Hnes was a large family, ruled of course by Gan, and by Kma, his eldest, and lady Na; and there were others of the house too, one son being away at sea. There was the aged
chan,
Dek, his two daughters and several grandchildren; Gan’s second son Lel and his wife Pym and concubine Tekje h’Hnes; Lel’s daughter Imue, a charming child of about twelve, who might be the daughter of either of his two wives: she had Tekje’s Sufak-tilted eyes, but sat beside Pym and treated both her mothers with respectful affection; and there were two small boys, both sons of Lel.
The first round of tea was passed with quiet conversation.
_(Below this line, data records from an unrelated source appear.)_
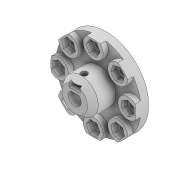
# Autodesk Inventor part: StepperWheelConnector
Saved by Autodesk Inventor 2022 (Build 260153000, 153)
## iProperties
Created: 2022-10-20
Part Number: StepperWheelConnector
Material: Generic
Document SubType Name: Modeling
Designer: MVeszpremi
Density: 1 g/cm^3
Appearance: Default
Author: MVeszpremi
Autodesk Inventor part; units mm, degrees
ref_plane "YZ Plane" through (0, 0, 0) normal (1, 0, 0) x (0, 1, 0)
ref_plane "XZ Plane" through (0, 0, 0) normal (0, 1, 0) x (-1, 0, 0)
ref_plane "XY Plane" through (0, 0, 0) normal (0, 0, 1) x (1, 0, 0)
sketch "Sketch1" plane through (0, 0, 0) normal (0, 0, 1) x (1, 0, 0)
  circle A0 centre (0, 0) radius 22.6275
  circle A1 centre (0, 0) radius 4.125
  line L0 (-2.6633, 3.15) -> (2.6633, 3.15)
  circle A2 centre (0, 0) radius 27.6275
  circle A3 centre (0, 22.6275) radius 2
  circle A4 centre (-16.0001, 16.0001) radius 2
  circle A5 centre (-22.6275, 0) radius 2
  circle A6 centre (-16.0001, -16.0001) radius 2
  circle A7 centre (0, -22.6275) radius 2
  circle A8 centre (16.0001, -16.0001) radius 2
  circle A9 centre (22.6275, 0) radius 2
  circle A10 centre (16.0001, 16.0001) radius 2
  circle A11 centre (0, 0) radius 11.25
  dimension "d0" = 45.255
  dimension "d1" = 8.25
  dimension "d2" = 3.15
  dimension "d3" = 5
  dimension "d4" = 4
  dimension "d7" = 360
  dimension "d11" = 22.5
  constraints: 11 centre point, 4 coincident, 2 end point, 2 point on circle, 1 horizontal, 1 vertical alignment, 19 other
  measures "d1" diameter of A1
  measures "d2" distance from line of point (0, 0) L0
  measures "d4" diameter of A3
  measures "d11" diameter of A11
extrude "Extrusion1" add sketch "Sketch1" against normal blind 5 contours A9 A0 A8 A7 A6 A5 A4 A3 A10 | L0 A1 | A2 | A11 picked at (-0.6202, 3.3272)
extrude "Extrusion2" add sketch "Sketch1" along normal blind 15.5 contours L0 A1 | A11 picked at (-0.6202, 3.3272)
sketch "Sketch3" plane through (0, 0, 0) normal (0, 0, 1) x (1, 0, 0)
  circle A0 centre (0, 22.6275) radius 2 projected
  line L0 (4.6188, 22.6275) -> (2.3094, 18.6275)
  line L1 (2.3094, 18.6275) -> (-2.3094, 18.6275)
  line L2 (-2.3094, 18.6275) -> (-4.6188, 22.6275)
  line L3 (-4.6188, 22.6275) -> (-2.3094, 26.6275)
  line L4 (-2.3094, 26.6275) -> (2.3094, 26.6275)
  line L5 (2.3094, 26.6275) -> (4.6188, 22.6275)
  circle A1 centre (0, 22.6275) radius 6.5
  circle A2 centre (0, 0) radius 11.25 projected
  circle A3 centre (0, 0) radius 27.6275 projected
  circle A4 centre (0, 22.6275) radius 2 projected
  circle A5 centre (-16.0001, 16.0001) radius 2 projected
  circle A6 centre (-22.6275, 0) radius 2 projected
  circle A7 centre (-16.0001, -16.0001) radius 2 projected
  circle A8 centre (0, -22.6275) radius 2 projected
  circle A9 centre (16.0001, -16.0001) radius 2 projected
  circle A10 centre (22.6275, 0) radius 2 projected
  circle A11 centre (16.0001, 16.0001) radius 2 projected
  point P0 (4.5734, 27.2463)
  point P1 (-4.5734, 27.2463)
  dimension "d15" = 8
  dimension "d16" = 13
  constraints: 12 end point, 2 coincident, 1 centre point, 13 other
  measures "d15" distance between parallel lines of L1 L4
  measures "d16" diameter of A1
extrude "Extrusion3" add sketch "Sketch3" along normal blind 3.5 contours A1 A3 picked at (-4.1626, 25.0833)
pattern_circular "Circular Pattern1" count 8 over 360 about axis through (0, 0, 0) along (0, 0, -1) of "Extrusion3"
sketch "Sketch4" plane through (0, 0, 15.5) normal (0, 0, 1) x (1, 0, 0)
  line L0 (-3.5, 8.4) -> (3.5, 8.4)
  line L1 (3.5, 8.4) -> (3.5, 4.9)
  line L2 (3.5, 4.9) -> (-3.5, 4.9)
  line L3 (-3.5, 4.9) -> (-3.5, 8.4)
  line L4 (2.6633, 3.15) -> (-2.6633, 3.15) projected
  line L5 (0, 3.15) -> (0, 11.4081)
  point P0 (0, 0)
  point P1 (0, 8.4)
  dimension "d22" = 7
  dimension "d23" = 3.5
  dimension "d24" = 1.75
  constraints: 10 end point, 2 midpoint, 2 parallel, 1 horizontal, 1 perpendicular, 1 point on line, 1 vertical
  measures "d22" distance of L0.start L0.end
  measures "d23" distance of L0.end L1.end
  measures "d24" distance between parallel lines of L4 L2
extrude "Extrusion4" cut sketch "Sketch4" against normal blind 10
sketch "Sketch5" plane through (-3.5, 4.9, 15.5) normal (0, 1, 0) x (1, 0, 0)
  line L0 (0.8367, 0) -> (6.1633, 0) projected
  line L1 (0, 10) -> (7, 10) projected
  circle A0 centre (3.5, 6.05) radius 2
  line L2 (7, 0) -> (7, 10) projected
  line L3 (7, 10) -> (0.8367, 0)
  point P0 (3.5, 15.5)
  dimension "d27" = 4
  dimension "d32" = 3.95
  constraints: 2 end point, 1 centre point
  measures "d27" diameter of A0
  measures "d32" distance from line of A0.centre L1
extrude "Extrusion5" cut sketch "Sketch5" along normal blind 10 and the other way blind 3
chamfer "Chamfer1" distance 3 distance2 4 1 edges at (-11.25, 0, 15.5) measured on face at (-10.75, 0, 15.5)
body "Solid1"

The nemet were curious about Kurt, the children actually frightened; but the elders smoothed matters over with courtesy.
Then came the second round, and the ladies left with the children, all but lady Na, the first lady of Hnes, whose opinion was of equal weight with that of the elder men.
“Kta,” began the lord of Hnes cautiously, “how long are you out from Nephane?”
“Nigh to fifteen days.”
“Then,” said the old man, “you were there to be part of the sad tale which has reached us.”
“Elas no longer exists in Nephane, my lord, and I am exiled. My parents and the
chan
are dead.”
“You are in the house of friends,” said Gan t’Hnes. “
Ai,
that I should have lived to see such a day. I loved your father as my great friend, Kta, and I love you as if you were one of my own. Name the ones to blame for this.”
“The names are too high to curse, my lord.”
“No one is beyond the reach of heaven.”
“I would not have all Nephane cursed for my sake. The ones responsible are the Methi Djan and her Sufaki lover Shan t’Tefur u Tlekef. I have sworn undying enmity between Elas and the Chosen of Heaven, and a bloodfeud between Elas and the house of Tefur, but I chose exile. If I had intended war, I could have raised war that night in the streets of Nephane. So might my father, and chose to die rather than that. I honor his self-restraint.”